Segment Open
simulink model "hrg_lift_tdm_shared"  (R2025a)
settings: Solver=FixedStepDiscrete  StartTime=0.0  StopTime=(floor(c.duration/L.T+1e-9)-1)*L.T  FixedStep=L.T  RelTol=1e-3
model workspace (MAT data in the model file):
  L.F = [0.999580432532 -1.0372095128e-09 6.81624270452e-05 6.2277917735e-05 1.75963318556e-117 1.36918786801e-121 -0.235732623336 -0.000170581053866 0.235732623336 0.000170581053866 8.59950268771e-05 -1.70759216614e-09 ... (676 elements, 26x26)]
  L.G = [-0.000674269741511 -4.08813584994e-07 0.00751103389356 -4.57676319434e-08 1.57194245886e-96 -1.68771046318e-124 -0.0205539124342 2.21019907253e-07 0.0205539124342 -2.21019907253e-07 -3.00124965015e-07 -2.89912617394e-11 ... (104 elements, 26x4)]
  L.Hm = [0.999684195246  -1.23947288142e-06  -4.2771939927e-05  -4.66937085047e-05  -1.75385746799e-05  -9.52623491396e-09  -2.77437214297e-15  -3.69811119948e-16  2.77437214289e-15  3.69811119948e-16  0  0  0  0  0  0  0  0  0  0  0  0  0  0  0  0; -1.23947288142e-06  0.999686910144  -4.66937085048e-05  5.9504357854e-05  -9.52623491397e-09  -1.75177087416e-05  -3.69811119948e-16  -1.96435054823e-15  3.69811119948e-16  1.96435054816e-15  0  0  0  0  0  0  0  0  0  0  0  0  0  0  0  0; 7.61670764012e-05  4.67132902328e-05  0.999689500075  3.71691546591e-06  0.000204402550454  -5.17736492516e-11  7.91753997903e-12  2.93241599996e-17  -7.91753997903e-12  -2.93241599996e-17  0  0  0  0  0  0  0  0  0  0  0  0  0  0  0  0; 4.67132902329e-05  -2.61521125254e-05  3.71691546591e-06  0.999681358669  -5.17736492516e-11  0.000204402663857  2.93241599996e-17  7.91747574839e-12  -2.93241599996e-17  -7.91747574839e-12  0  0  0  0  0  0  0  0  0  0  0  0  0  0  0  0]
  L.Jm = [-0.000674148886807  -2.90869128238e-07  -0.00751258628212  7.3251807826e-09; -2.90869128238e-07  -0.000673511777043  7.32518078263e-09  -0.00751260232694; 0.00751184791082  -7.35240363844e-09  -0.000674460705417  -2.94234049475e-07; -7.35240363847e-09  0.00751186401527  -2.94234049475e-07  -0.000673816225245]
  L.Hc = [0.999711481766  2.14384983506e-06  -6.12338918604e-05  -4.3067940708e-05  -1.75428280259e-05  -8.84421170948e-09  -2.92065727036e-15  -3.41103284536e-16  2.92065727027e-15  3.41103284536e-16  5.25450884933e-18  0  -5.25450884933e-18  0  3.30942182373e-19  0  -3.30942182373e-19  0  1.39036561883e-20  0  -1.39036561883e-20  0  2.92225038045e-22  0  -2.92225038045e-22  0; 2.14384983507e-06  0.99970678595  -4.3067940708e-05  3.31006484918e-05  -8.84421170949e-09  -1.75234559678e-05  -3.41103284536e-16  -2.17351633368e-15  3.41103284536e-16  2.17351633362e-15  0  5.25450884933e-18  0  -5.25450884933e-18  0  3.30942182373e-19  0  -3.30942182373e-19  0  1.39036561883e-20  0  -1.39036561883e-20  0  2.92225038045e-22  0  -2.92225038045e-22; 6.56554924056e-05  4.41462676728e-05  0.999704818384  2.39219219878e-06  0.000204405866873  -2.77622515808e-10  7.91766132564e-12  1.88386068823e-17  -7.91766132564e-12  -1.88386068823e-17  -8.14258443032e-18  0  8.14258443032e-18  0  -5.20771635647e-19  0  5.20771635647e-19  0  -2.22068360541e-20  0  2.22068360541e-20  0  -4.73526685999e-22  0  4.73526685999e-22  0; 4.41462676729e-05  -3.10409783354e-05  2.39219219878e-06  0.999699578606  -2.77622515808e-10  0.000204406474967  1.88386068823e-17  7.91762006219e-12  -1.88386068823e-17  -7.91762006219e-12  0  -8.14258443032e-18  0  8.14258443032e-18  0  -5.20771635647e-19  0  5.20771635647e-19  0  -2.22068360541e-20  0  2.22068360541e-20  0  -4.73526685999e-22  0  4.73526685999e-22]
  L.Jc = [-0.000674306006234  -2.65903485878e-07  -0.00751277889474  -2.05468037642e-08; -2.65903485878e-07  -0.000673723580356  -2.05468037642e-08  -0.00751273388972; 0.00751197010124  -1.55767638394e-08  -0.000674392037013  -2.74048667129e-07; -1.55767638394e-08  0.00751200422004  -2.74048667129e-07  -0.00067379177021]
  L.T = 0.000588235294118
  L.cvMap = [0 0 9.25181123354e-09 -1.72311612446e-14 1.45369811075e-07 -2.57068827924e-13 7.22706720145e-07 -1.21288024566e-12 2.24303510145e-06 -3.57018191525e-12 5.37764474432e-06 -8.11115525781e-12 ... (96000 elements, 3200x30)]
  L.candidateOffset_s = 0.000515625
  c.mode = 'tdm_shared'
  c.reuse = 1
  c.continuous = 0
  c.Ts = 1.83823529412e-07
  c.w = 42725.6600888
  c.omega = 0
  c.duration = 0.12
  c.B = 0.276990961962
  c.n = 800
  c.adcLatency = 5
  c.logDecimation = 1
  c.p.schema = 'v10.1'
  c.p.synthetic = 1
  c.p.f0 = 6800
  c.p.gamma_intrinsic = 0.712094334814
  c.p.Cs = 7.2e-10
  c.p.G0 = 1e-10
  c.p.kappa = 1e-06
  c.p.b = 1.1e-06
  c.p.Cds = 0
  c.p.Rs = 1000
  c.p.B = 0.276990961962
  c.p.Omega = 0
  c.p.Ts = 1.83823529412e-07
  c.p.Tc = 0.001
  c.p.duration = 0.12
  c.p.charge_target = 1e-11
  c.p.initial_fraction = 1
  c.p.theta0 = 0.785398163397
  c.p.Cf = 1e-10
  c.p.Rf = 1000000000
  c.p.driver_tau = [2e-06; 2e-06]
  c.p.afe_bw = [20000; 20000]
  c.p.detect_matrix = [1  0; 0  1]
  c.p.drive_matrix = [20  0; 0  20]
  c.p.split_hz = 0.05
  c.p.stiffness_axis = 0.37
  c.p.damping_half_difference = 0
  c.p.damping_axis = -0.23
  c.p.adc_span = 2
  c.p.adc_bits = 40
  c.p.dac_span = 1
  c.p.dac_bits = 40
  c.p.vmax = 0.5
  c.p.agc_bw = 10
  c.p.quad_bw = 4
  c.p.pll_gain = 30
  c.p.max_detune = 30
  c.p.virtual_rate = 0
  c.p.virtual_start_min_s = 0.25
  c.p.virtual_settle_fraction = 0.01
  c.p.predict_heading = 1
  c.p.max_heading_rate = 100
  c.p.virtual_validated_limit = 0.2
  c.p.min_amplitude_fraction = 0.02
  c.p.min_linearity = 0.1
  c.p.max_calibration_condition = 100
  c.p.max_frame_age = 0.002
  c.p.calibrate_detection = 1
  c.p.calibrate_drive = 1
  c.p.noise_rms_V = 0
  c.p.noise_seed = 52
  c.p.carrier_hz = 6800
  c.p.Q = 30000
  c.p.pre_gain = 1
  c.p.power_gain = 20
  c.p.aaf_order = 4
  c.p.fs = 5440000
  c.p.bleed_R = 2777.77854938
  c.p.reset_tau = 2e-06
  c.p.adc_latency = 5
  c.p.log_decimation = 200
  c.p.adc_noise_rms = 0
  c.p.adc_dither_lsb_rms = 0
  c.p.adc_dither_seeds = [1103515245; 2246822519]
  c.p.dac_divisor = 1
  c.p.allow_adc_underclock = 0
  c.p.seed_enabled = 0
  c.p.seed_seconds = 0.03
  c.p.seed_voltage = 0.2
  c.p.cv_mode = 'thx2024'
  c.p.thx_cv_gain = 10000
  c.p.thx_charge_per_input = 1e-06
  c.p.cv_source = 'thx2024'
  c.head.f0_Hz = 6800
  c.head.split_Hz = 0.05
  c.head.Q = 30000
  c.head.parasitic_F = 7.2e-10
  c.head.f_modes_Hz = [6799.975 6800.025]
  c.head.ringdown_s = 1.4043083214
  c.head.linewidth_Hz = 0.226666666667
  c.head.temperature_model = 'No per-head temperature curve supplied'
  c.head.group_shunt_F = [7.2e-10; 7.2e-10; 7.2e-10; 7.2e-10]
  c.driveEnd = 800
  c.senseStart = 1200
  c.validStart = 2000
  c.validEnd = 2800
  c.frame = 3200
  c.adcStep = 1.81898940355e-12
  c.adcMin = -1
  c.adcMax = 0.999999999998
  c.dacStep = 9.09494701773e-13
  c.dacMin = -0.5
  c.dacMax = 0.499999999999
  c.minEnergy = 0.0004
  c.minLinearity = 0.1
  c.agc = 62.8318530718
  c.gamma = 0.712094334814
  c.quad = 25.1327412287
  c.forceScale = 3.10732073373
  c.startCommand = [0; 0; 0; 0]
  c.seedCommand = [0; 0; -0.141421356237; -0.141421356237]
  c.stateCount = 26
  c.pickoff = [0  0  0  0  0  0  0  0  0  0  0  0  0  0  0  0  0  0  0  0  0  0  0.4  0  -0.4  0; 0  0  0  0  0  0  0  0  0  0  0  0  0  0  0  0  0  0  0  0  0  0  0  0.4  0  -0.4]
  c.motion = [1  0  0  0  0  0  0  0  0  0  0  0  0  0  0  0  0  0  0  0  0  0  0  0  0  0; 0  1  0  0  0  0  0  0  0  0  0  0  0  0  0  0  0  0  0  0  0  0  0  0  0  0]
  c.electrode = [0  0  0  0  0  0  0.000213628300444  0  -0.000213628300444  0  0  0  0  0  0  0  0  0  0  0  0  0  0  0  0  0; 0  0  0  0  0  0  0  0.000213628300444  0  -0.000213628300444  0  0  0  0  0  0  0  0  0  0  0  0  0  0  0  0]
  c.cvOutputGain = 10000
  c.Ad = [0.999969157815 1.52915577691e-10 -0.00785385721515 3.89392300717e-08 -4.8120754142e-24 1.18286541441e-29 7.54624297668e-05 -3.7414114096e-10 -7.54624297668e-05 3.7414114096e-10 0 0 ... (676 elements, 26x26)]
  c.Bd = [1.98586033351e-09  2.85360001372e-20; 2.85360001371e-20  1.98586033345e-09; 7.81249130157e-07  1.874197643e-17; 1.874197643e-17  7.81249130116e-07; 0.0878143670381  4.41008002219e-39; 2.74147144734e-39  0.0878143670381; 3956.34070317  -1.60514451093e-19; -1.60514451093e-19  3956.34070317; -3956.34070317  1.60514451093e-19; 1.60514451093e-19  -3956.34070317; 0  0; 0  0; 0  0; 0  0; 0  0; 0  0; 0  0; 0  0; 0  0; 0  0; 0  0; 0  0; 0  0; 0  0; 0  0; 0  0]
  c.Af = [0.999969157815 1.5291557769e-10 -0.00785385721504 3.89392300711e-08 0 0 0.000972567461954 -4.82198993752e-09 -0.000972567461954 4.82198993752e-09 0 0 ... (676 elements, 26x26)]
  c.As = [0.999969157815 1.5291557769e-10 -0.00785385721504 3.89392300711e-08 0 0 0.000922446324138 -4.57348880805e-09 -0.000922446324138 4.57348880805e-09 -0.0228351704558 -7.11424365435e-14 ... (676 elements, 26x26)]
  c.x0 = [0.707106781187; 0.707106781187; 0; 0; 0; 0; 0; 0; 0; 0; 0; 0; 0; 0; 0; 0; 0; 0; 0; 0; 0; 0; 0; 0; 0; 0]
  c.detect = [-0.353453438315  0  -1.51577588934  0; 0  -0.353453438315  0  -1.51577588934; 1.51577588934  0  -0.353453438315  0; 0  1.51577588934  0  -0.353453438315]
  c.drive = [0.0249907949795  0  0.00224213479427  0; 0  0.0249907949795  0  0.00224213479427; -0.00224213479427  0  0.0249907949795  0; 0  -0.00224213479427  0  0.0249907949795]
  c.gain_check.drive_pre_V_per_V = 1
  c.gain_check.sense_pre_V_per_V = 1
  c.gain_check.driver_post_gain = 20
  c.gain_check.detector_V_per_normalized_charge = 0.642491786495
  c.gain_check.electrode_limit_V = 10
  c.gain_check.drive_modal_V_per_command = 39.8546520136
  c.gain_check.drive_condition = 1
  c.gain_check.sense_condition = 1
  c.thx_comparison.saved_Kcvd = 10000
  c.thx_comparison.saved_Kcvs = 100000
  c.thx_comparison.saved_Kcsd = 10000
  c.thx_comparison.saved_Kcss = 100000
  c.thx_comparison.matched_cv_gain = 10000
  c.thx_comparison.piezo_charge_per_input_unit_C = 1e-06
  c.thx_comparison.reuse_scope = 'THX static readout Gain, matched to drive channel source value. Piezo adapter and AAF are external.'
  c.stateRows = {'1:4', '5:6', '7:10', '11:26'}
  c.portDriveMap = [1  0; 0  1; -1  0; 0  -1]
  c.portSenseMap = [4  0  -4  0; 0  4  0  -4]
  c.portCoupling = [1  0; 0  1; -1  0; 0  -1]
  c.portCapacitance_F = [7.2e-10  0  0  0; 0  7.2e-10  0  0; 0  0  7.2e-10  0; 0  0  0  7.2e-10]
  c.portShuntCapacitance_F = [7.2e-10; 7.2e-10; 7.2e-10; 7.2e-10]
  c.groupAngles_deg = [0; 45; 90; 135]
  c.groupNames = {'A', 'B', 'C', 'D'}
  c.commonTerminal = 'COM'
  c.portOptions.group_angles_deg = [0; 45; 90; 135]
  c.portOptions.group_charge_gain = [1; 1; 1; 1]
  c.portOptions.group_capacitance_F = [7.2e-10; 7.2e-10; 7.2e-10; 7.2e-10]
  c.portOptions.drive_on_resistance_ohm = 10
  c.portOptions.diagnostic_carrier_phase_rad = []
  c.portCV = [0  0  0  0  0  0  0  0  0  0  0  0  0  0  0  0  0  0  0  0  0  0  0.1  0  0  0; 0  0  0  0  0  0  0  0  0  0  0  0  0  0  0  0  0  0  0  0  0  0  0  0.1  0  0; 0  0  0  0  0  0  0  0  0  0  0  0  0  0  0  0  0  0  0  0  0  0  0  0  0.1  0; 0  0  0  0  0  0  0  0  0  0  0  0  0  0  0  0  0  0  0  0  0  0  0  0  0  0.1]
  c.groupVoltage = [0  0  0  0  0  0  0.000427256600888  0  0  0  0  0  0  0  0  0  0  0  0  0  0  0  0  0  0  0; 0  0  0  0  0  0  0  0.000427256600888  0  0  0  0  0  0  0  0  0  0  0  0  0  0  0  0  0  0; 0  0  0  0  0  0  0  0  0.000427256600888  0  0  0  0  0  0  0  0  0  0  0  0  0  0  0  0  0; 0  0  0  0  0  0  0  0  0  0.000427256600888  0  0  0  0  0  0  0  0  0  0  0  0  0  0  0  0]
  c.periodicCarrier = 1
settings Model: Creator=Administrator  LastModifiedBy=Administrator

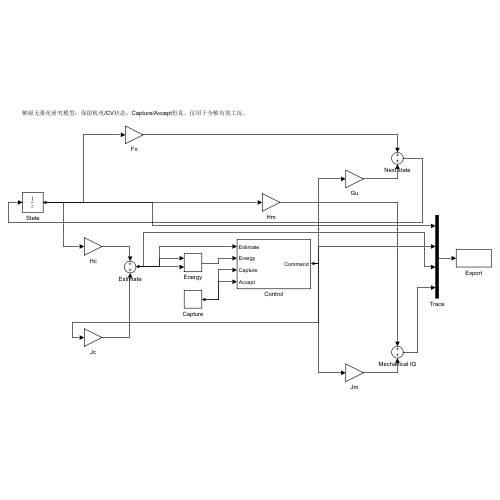
[thumbnail: Simulink's stored preview of the top-level diagram]
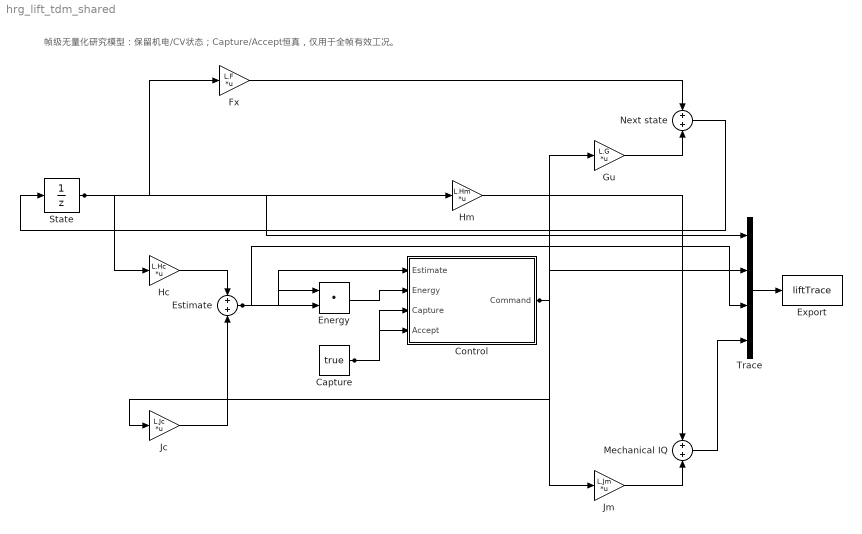
== system hrg_lift_tdm_shared ==
  note: 帧级无量化研究模型：保留机电/CV状态；Capture/Accept恒真，仅用于全帧有效工况。
  Capture : Constant  Value=true  OutDataTypeStr=boolean
  Control : Subsystem
  Energy : DotProduct  OutDataTypeStr=Inherit: Inherit via internal rule
  Estimate : Sum
  Export : ToWorkspace  VariableName=liftTrace  SampleTime=-1
  Fx : Gain  Gain=L.F  Multiplication=Matrix(K*u)
  Gu : Gain  Gain=L.G  Multiplication=Matrix(K*u)
  Hc : Gain  Gain=L.Hc  Multiplication=Matrix(K*u)
  Hm : Gain  Gain=L.Hm  Multiplication=Matrix(K*u)
  Jc : Gain  Gain=L.Jc  Multiplication=Matrix(K*u)
  Jm : Gain  Gain=L.Jm  Multiplication=Matrix(K*u)
  Mechanical IQ : Sum
  Next state : Sum
  State : UnitDelay  InitialCondition=c.x0  SampleTime=-1  HasFrameUpgradeWarning=on
  Trace : Mux
  wires:
  State/1 -> Fx/1, Hm/1, Trace/1, Hc/1
  Hm/1 -> Mechanical IQ/1
  Fx/1 -> Next state/1
  Hc/1 -> Estimate/1
  Estimate/1 -> Trace/3, Control/1(Estimate), Energy/1, Energy/2
  Jc/1 -> Estimate/2
  Energy/1 -> Control/2(Energy)
  Capture/1 -> Control/3(Capture), Control/4(Accept)
  Control/1(Command) -> Jc/1, Trace/2, Jm/1, Gu/1
  Gu/1 -> Next state/2
  Jm/1 -> Mechanical IQ/2
  Next state/1 -> State/1
  Mechanical IQ/1 -> Trace/4
  Trace/1 -> Export/1

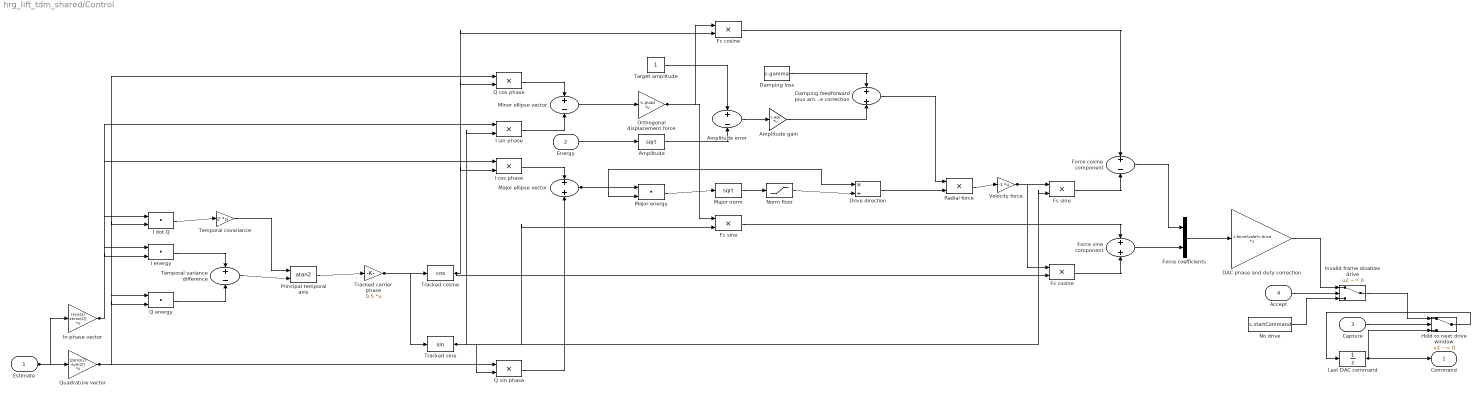
== system hrg_lift_tdm_shared/Control ==
  Estimate : Inport
  Energy : Inport  Port=2
  Capture : Inport  Port=3
  Accept : Inport  Port=4
  Amplitude : Sqrt
  Amplitude error : Sum  Inputs=+-
  Amplitude gain : Gain  Gain=c.agc  Multiplication=Matrix(K*u)
  DAC phase and duty correction : Gain  Gain=c.forceScale*c.drive  Multiplication=Matrix(K*u)
  Damping feedforward plus amplitude correction : Sum
  Damping loss : Constant  Value=c.gamma
  Drive direction : Product  Inputs=*/
  Fc cosine : Product
  Fc sine : Product
  Force coefficients : Mux  Inputs=2
  Force cosine component : Sum  Inputs=+-
  Force sine component : Sum
  Fs cosine : Product
  Fs sine : Product
  Hold to next drive window : Switch  Criteria=u2 ~= 0  SaturateOnIntegerOverflow=off  InputSameDT=off
  I cos phase : Product
  I dot Q : DotProduct  OutDataTypeStr=Inherit: Inherit via internal rule
  I energy : DotProduct  OutDataTypeStr=Inherit: Inherit via internal rule
  I sin phase : Product
  In-phase vector : Gain  Gain=[eye(2) zeros(2)]  Multiplication=Matrix(K*u)
  Invalid frame disables drive : Switch  Criteria=u2 ~= 0  SaturateOnIntegerOverflow=off  InputSameDT=off
  Last DAC command : UnitDelay  InitialCondition=c.startCommand  SampleTime=L.T  HasFrameUpgradeWarning=on
  Major ellipse vector : Sum
  Major energy : DotProduct  OutDataTypeStr=Inherit: Inherit via internal rule
  Major norm : Sqrt
  Minor ellipse vector : Sum  Inputs=+-
  No drive : Constant  Value=c.startCommand
  Norm floor : Saturate  UpperLimit=inf  LowerLimit=1e-9
  Orthogonal displacement force : Gain  Gain=-c.quad  Multiplication=Matrix(K*u)
  Principal temporal axis : Trigonometry  Operator=atan2
  Q cos phase : Product
  Q energy : DotProduct  OutDataTypeStr=Inherit: Inherit via internal rule
  Q sin phase : Product
  Quadrature vector : Gain  Gain=[zeros(2) eye(2)]  Multiplication=Matrix(K*u)
  Radial force : Product
  Target amplitude : Constant
  Temporal covariance : Gain  Gain=2  Multiplication=Matrix(K*u)
  Temporal variance difference : Sum  Inputs=+-
  Tracked carrier phase : Gain  Gain=0.5  Multiplication=Matrix(K*u)
  Tracked cosine : Trigonometry  Operator=cos
  Tracked sine : Trigonometry
  Velocity force : Gain  Gain=-1  Multiplication=Matrix(K*u)
  Command : Outport
  wires:
  Hold to next drive window/1 -> Last DAC command/1
  Last DAC command/1 -> Command/1, Hold to next drive window/3
  Invalid frame disables drive/1 -> Hold to next drive window/1
  Force sine component/1 -> Force coefficients/2
  Force cosine component/1 -> Force coefficients/1
  Fs sine/1 -> Force cosine component/2
  Velocity force/1 -> Fs cosine/1, Fs sine/1
  Radial force/1 -> Velocity force/1
  Drive direction/1 -> Radial force/2
  Damping feedforward plus amplitude correction/1 -> Radial force/1
  Damping loss/1 -> Damping feedforward plus amplitude correction/1
  Fc sine/1 -> Force sine component/1
  Amplitude error/1 -> Amplitude gain/1
  Fc cosine/1 -> Force cosine component/1
  Major energy/1 -> Major norm/1
  Amplitude/1 -> Amplitude error/2
  Orthogonal displacement force/1 -> Fc sine/1, Fc cosine/1
  Capture/1 -> Hold to next drive window/2
  Target amplitude/1 -> Amplitude error/1
  DAC phase and duty correction/1 -> Invalid frame disables drive/1
  Major ellipse vector/1 -> Major energy/1, Major energy/2, Drive direction/1
  Energy/1 -> Amplitude/1
  Minor ellipse vector/1 -> Orthogonal displacement force/1
  Amplitude gain/1 -> Damping feedforward plus amplitude correction/2
  Q sin phase/1 -> Major ellipse vector/2
  I sin phase/1 -> Minor ellipse vector/2
  Q cos phase/1 -> Minor ellipse vector/1
  I cos phase/1 -> Major ellipse vector/1
  Force coefficients/1 -> DAC phase and duty correction/1
  Tracked sine/1 -> I sin phase/2, Q sin phase/2, Fs sine/2, Fc sine/2
  Accept/1 -> Invalid frame disables drive/2
  Tracked cosine/1 -> Fs cosine/2, Q cos phase/2, I cos phase/2, Fc cosine/2
  Tracked carrier phase/1 -> Tracked cosine/1, Tracked sine/1
  Principal temporal axis/1 -> Tracked carrier phase/1
  Norm floor/1 -> Drive direction/2
  Q energy/1 -> Temporal variance difference/2
  I energy/1 -> Temporal variance difference/1
  I dot Q/1 -> Temporal covariance/1
  Temporal covariance/1 -> Principal temporal axis/1
  Quadrature vector/1 -> Q sin phase/1, Q cos phase/1, I dot Q/2, Q energy/2, Q energy/1
  Major norm/1 -> Norm floor/1
  Temporal variance difference/1 -> Principal temporal axis/2
  Estimate/1 -> Quadrature vector/1, In-phase vector/1
  Fs cosine/1 -> Force sine component/2
  No drive/1 -> Invalid frame disables drive/3
  In-phase vector/1 -> I cos phase/1, I energy/1, I dot Q/1, I energy/2, I sin phase/1
Segment Closed
Whenever a line of the records holds the string "startCommand", pick it out and copy it.

Result of this exercise:
  c.startCommand = [0; 0; 0; 0]
  Last DAC command : UnitDelay  InitialCondition=c.startCommand  SampleTime=L.T  HasFrameUpgradeWarning=on
  No drive : Constant  Value=c.startCommand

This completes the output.